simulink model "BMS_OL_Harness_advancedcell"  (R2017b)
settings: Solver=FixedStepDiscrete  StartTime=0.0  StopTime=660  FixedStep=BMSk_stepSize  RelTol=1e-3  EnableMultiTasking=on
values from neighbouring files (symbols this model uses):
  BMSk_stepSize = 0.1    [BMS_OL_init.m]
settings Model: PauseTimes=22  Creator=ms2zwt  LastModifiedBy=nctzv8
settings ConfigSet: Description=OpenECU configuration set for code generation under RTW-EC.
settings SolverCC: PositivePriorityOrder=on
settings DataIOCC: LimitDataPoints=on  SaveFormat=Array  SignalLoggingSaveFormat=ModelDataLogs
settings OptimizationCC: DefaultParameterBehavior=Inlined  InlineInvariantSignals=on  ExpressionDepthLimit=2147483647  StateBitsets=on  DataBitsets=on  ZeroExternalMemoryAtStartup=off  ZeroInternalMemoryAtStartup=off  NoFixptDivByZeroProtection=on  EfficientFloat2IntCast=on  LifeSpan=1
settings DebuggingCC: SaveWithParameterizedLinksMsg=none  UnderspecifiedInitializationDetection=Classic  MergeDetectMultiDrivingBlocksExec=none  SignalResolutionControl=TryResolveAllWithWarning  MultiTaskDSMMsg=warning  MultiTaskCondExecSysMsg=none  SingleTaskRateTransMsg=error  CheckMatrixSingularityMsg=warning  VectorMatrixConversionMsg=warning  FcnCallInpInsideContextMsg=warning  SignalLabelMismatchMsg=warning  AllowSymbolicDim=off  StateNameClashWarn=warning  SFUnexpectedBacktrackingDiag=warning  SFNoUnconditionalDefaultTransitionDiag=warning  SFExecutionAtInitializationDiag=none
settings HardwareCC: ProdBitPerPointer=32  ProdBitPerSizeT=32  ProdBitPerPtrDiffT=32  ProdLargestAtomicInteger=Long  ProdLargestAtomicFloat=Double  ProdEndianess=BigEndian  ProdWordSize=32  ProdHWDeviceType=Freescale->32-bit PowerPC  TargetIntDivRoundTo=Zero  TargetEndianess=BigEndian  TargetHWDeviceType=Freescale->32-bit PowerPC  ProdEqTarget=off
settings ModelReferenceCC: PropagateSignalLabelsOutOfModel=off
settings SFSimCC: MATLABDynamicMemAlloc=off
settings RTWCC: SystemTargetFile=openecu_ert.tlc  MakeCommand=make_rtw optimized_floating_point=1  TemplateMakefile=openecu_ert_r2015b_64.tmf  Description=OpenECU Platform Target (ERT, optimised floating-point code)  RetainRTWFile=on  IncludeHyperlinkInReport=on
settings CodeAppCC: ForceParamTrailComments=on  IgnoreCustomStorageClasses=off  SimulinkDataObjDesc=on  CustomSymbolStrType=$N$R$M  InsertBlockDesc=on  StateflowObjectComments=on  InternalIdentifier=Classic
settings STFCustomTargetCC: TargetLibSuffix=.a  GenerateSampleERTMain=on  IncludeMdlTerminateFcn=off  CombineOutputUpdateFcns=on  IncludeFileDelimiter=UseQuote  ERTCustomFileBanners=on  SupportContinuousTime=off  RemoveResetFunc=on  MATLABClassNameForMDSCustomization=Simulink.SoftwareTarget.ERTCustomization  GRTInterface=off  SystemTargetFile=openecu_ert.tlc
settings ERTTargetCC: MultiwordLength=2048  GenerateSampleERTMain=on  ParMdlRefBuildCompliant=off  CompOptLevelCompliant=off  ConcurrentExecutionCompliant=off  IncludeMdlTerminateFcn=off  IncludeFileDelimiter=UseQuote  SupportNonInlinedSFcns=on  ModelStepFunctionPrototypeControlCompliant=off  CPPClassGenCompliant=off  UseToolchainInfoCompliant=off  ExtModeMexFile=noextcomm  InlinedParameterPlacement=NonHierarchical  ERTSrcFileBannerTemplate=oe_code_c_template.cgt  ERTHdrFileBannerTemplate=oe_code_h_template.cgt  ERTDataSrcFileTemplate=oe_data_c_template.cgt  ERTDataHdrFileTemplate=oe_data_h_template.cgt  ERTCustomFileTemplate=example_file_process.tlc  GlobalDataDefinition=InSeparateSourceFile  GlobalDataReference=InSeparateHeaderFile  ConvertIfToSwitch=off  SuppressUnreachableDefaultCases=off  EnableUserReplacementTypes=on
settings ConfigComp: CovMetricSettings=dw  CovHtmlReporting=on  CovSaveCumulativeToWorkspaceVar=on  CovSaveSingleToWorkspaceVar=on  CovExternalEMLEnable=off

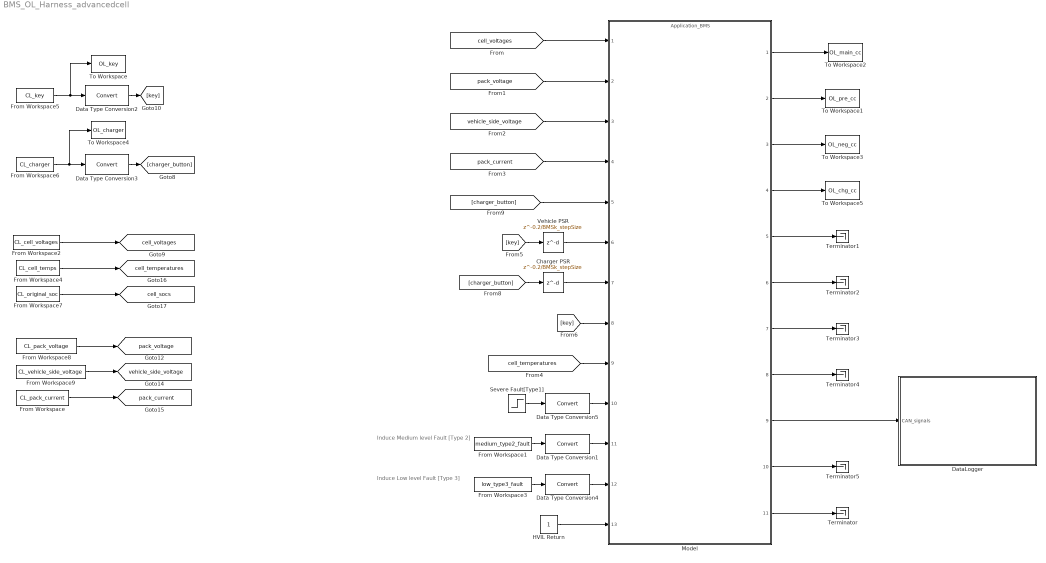
== system BMS_OL_Harness_advancedcell ==
  note: Induce Medium level Fault
      | [Type 2]
  note: Induce Low level Fault
      | [Type 3]
  Charger PSR : Delay  DelayLength=0.2/BMSk_stepSize
  Data Type Conversion{1..5} (5 alike) : DataTypeConversion
  DataLogger : Subsystem
  From Workspace : FromWorkspace  VariableName=CL_pack_current  SampleTime=BMSk_stepSize
  From Workspace1 : FromWorkspace  VariableName=medium_type2_fault  SampleTime=BMSk_stepSize
  From Workspace2 : FromWorkspace  VariableName=CL_cell_voltages  SampleTime=BMSk_stepSize
  From Workspace3 : FromWorkspace  VariableName=low_type3_fault  SampleTime=BMSk_stepSize
  From Workspace4 : FromWorkspace  VariableName=CL_cell_temps  SampleTime=BMSk_stepSize
  From Workspace5 : FromWorkspace  VariableName=CL_key  SampleTime=BMSk_stepSize
  From Workspace6 : FromWorkspace  VariableName=CL_charger  SampleTime=BMSk_stepSize
  From Workspace7 : FromWorkspace  VariableName=CL_original_soc  SampleTime=BMSk_stepSize
  From Workspace8 : FromWorkspace  VariableName=CL_pack_voltage  SampleTime=BMSk_stepSize
  From Workspace9 : FromWorkspace  VariableName=CL_vehicle_side_voltage  SampleTime=BMSk_stepSize
  HVIL Return : Constant  OutDataTypeStr=double  SampleTime=-1
  Model : ModelReference  ModelNameDialog=Application_BMS.slx  SimulationMode=Normal  ModelReferenceVersion=1.801
  Severe Fault[Type1] : Step  Time=0  After=0
  Terminator{,1..5} (6 alike) : Terminator
  To Workspace : ToWorkspace  VariableName=OL_key  SaveFormat=Timeseries  SampleTime=-1
  To Workspace1 : ToWorkspace  VariableName=OL_pre_cc  SaveFormat=Timeseries  SampleTime=-1
  To Workspace2 : ToWorkspace  VariableName=OL_main_cc  SaveFormat=Timeseries  SampleTime=-1
  To Workspace3 : ToWorkspace  VariableName=OL_neg_cc  SaveFormat=Timeseries  SampleTime=-1
  To Workspace4 : ToWorkspace  VariableName=OL_charger  SaveFormat=Timeseries  SampleTime=-1
  To Workspace5 : ToWorkspace  VariableName=OL_chg_cc  SaveFormat=Timeseries  SampleTime=-1
  Vehicle PSR : Delay  DelayLength=0.2/BMSk_stepSize
  tag scope: cell_socs=global, cell_temperatures=global, cell_voltages=global, pack_current=global, pack_voltage=global, vehicle_side_voltage=global
  wires:
  [cell_temperatures] -> Model/9
  Vehicle PSR/1 -> Model/6
  [key] -> Vehicle PSR/1
  [key] -> Model/8
  [charger_button] -> Model/5
  Charger PSR/1 -> Model/7
  [charger_button] -> Charger PSR/1
  Model/4 -> To Workspace5/1
  Model/3 -> To Workspace3/1
  Model/1 -> To Workspace2/1
  Data Type Conversion2/1 -> [key]
  Data Type Conversion4/1 -> Model/12
  From Workspace1/1 -> Data Type Conversion1/1
  Data Type Conversion5/1 -> Model/10
  [pack_current] -> Model/4
  [vehicle_side_voltage] -> Model/3
  [pack_voltage] -> Model/2
  [cell_voltages] -> Model/1
  Model/9 -> DataLogger/1(CAN_signals)
  Model/2 -> To Workspace1/1
  Data Type Conversion3/1 -> [charger_button]
  From Workspace5/1 -> To Workspace/1, Data Type Conversion2/1
  From Workspace6/1 -> To Workspace4/1, Data Type Conversion3/1
  Data Type Conversion1/1 -> Model/11
  Model/11 -> Terminator/1
  HVIL Return/1 -> Model/13
  From Workspace3/1 -> Data Type Conversion4/1
  Model/5 -> Terminator1/1
  Model/6 -> Terminator2/1
  Model/7 -> Terminator3/1
  Model/8 -> Terminator4/1
  Model/10 -> Terminator5/1
  From Workspace2/1 -> [cell_voltages]
  From Workspace4/1 -> [cell_temperatures]
  From Workspace7/1 -> [cell_socs]
  From Workspace8/1 -> [pack_voltage]
  From Workspace9/1 -> [vehicle_side_voltage]
  From Workspace/1 -> [pack_current]
  Severe Fault[Type1]/1 -> Data Type Conversion5/1

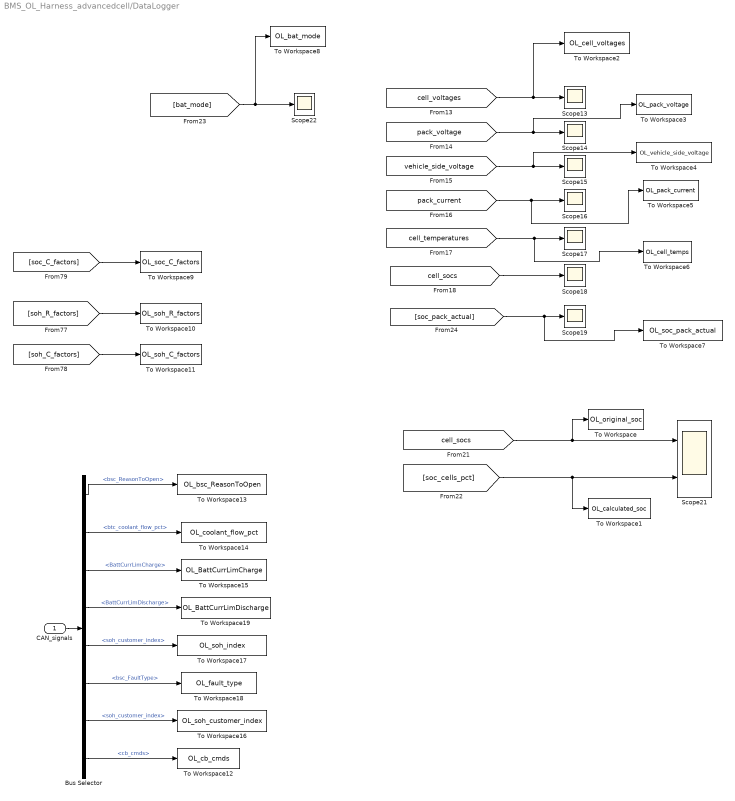
== system BMS_OL_Harness_advancedcell/DataLogger ==
  CAN_signals : Inport
  Bus Selector : BusSelector  OutputSignals=bsc_output.bsc_ReasonToOpen,btc_output.btc_coolant_flow_pct,sop_output.BattCurrLimCharge,sop_output.BattCurrLimDischarge,soh_output.soh_customer_index,bsc_output.bsc_FaultType,soh_output.soh_customer_index,cb_output.cb_cmds
  Scope{13..19,22} (8 alike) : Scope
  Scope21 : Scope  NumInputPorts=2
  To Workspace : ToWorkspace  VariableName=OL_original_soc  SaveFormat=Timeseries  SampleTime=-1
  To Workspace1 : ToWorkspace  VariableName=OL_calculated_soc  SaveFormat=Timeseries  SampleTime=-1
  To Workspace10 : ToWorkspace  VariableName=OL_soh_R_factors  SaveFormat=Timeseries  SampleTime=-1
  To Workspace11 : ToWorkspace  VariableName=OL_soh_C_factors  SaveFormat=Timeseries  SampleTime=-1
  To Workspace12 : ToWorkspace  VariableName=OL_cb_cmds  SaveFormat=Timeseries  SampleTime=-1
  To Workspace13 : ToWorkspace  VariableName=OL_bsc_ReasonToOpen  SaveFormat=Timeseries  SampleTime=-1
  To Workspace14 : ToWorkspace  VariableName=OL_coolant_flow_pct  SaveFormat=Timeseries  SampleTime=-1
  To Workspace15 : ToWorkspace  VariableName=OL_BattCurrLimCharge  SaveFormat=Timeseries  SampleTime=-1
  To Workspace16 : ToWorkspace  VariableName=OL_soh_customer_index  SaveFormat=Timeseries  SampleTime=-1
  To Workspace17 : ToWorkspace  VariableName=OL_soh_index  SaveFormat=Timeseries  SampleTime=-1
  To Workspace18 : ToWorkspace  VariableName=OL_fault_type  SaveFormat=Timeseries  SampleTime=-1
  To Workspace19 : ToWorkspace  VariableName=OL_BattCurrLimDischarge  SaveFormat=Timeseries  SampleTime=-1
  To Workspace2 : ToWorkspace  VariableName=OL_cell_voltages  SaveFormat=Timeseries  SampleTime=-1
  To Workspace3 : ToWorkspace  VariableName=OL_pack_voltage  SaveFormat=Timeseries  SampleTime=-1
  To Workspace4 : ToWorkspace  VariableName=OL_vehicle_side_voltage  SaveFormat=Timeseries  SampleTime=-1
  To Workspace5 : ToWorkspace  VariableName=OL_pack_current  SaveFormat=Timeseries  SampleTime=-1
  To Workspace6 : ToWorkspace  VariableName=OL_cell_temps  SaveFormat=Timeseries  SampleTime=-1
  To Workspace7 : ToWorkspace  VariableName=OL_soc_pack_actual  SaveFormat=Timeseries  SampleTime=-1
  To Workspace8 : ToWorkspace  VariableName=OL_bat_mode  SaveFormat=Timeseries  SampleTime=-1
  To Workspace9 : ToWorkspace  VariableName=OL_soc_C_factors  SaveFormat=Timeseries  SampleTime=-1
  wires:
  [cell_voltages] -> To Workspace2/1, Scope13/1
  [pack_voltage] -> To Workspace3/1, Scope14/1
  [vehicle_side_voltage] -> To Workspace4/1, Scope15/1
  [pack_current] -> To Workspace5/1, Scope16/1
  [cell_temperatures] -> To Workspace6/1, Scope17/1
  [cell_socs] -> Scope18/1
  [cell_socs] -> To Workspace/1, Scope21/1
  [bat_mode] -> To Workspace8/1, Scope22/1
  [soc_cells_pct] -> To Workspace1/1, Scope21/2
  [soc_pack_actual] -> To Workspace7/1, Scope19/1
  [soc_C_factors] -> To Workspace9/1
  [soh_C_factors] -> To Workspace11/1
  [soh_R_factors] -> To Workspace10/1
  CAN_signals/1 -> Bus Selector/1
  Bus Selector/1 -> To Workspace13/1  "<bsc_ReasonToOpen>"
  Bus Selector/2 -> To Workspace14/1  "<btc_coolant_flow_pct>"
  Bus Selector/3 -> To Workspace15/1  "<BattCurrLimCharge>"
  Bus Selector/7 -> To Workspace16/1  "<soh_customer_index>"
  Bus Selector/6 -> To Workspace18/1  "<bsc_FaultType>"
  Bus Selector/5 -> To Workspace17/1  "<soh_customer_index>"
  Bus Selector/4 -> To Workspace19/1  "<BattCurrLimDischarge>"
  Bus Selector/8 -> To Workspace12/1  "<cb_cmds>"

-*-

> **WORK INSTRUCTIONS**: Restate the records above verbatim up to and including the line containing "settings DebuggingCC: SaveWithParameterizedLinksMsg=none".

> **WRITTEN RESPONSE**:
simulink model "BMS_OL_Harness_advancedcell"  (R2017b)
settings: Solver=FixedStepDiscrete  StartTime=0.0  StopTime=660  FixedStep=BMSk_stepSize  RelTol=1e-3  EnableMultiTasking=on
values from neighbouring files (symbols this model uses):
  BMSk_stepSize = 0.1    [BMS_OL_init.m]
settings Model: PauseTimes=22  Creator=ms2zwt  LastModifiedBy=nctzv8
settings ConfigSet: Description=OpenECU configuration set for code generation under RTW-EC.
settings SolverCC: PositivePriorityOrder=on
settings DataIOCC: LimitDataPoints=on  SaveFormat=Array  SignalLoggingSaveFormat=ModelDataLogs
settings OptimizationCC: DefaultParameterBehavior=Inlined  InlineInvariantSignals=on  ExpressionDepthLimit=2147483647  StateBitsets=on  DataBitsets=on  ZeroExternalMemoryAtStartup=off  ZeroInternalMemoryAtStartup=off  NoFixptDivByZeroProtection=on  EfficientFloat2IntCast=on  LifeSpan=1
settings DebuggingCC: SaveWithParameterizedLinksMsg=none  UnderspecifiedInitializationDetection=Classic  MergeDetectMultiDrivingBlocksExec=none  SignalResolutionControl=TryResolveAllWithWarning  MultiTaskDSMMsg=warning  MultiTaskCondExecSysMsg=none  SingleTaskRateTransMsg=error  CheckMatrixSingularityMsg=warning  VectorMatrixConversionMsg=warning  FcnCallInpInsideContextMsg=warning  SignalLabelMismatchMsg=warning  AllowSymbolicDim=off  StateNameClashWarn=warning  SFUnexpectedBacktrackingDiag=warning  SFNoUnconditionalDefaultTransitionDiag=warning  SFExecutionAtInitializationDiag=none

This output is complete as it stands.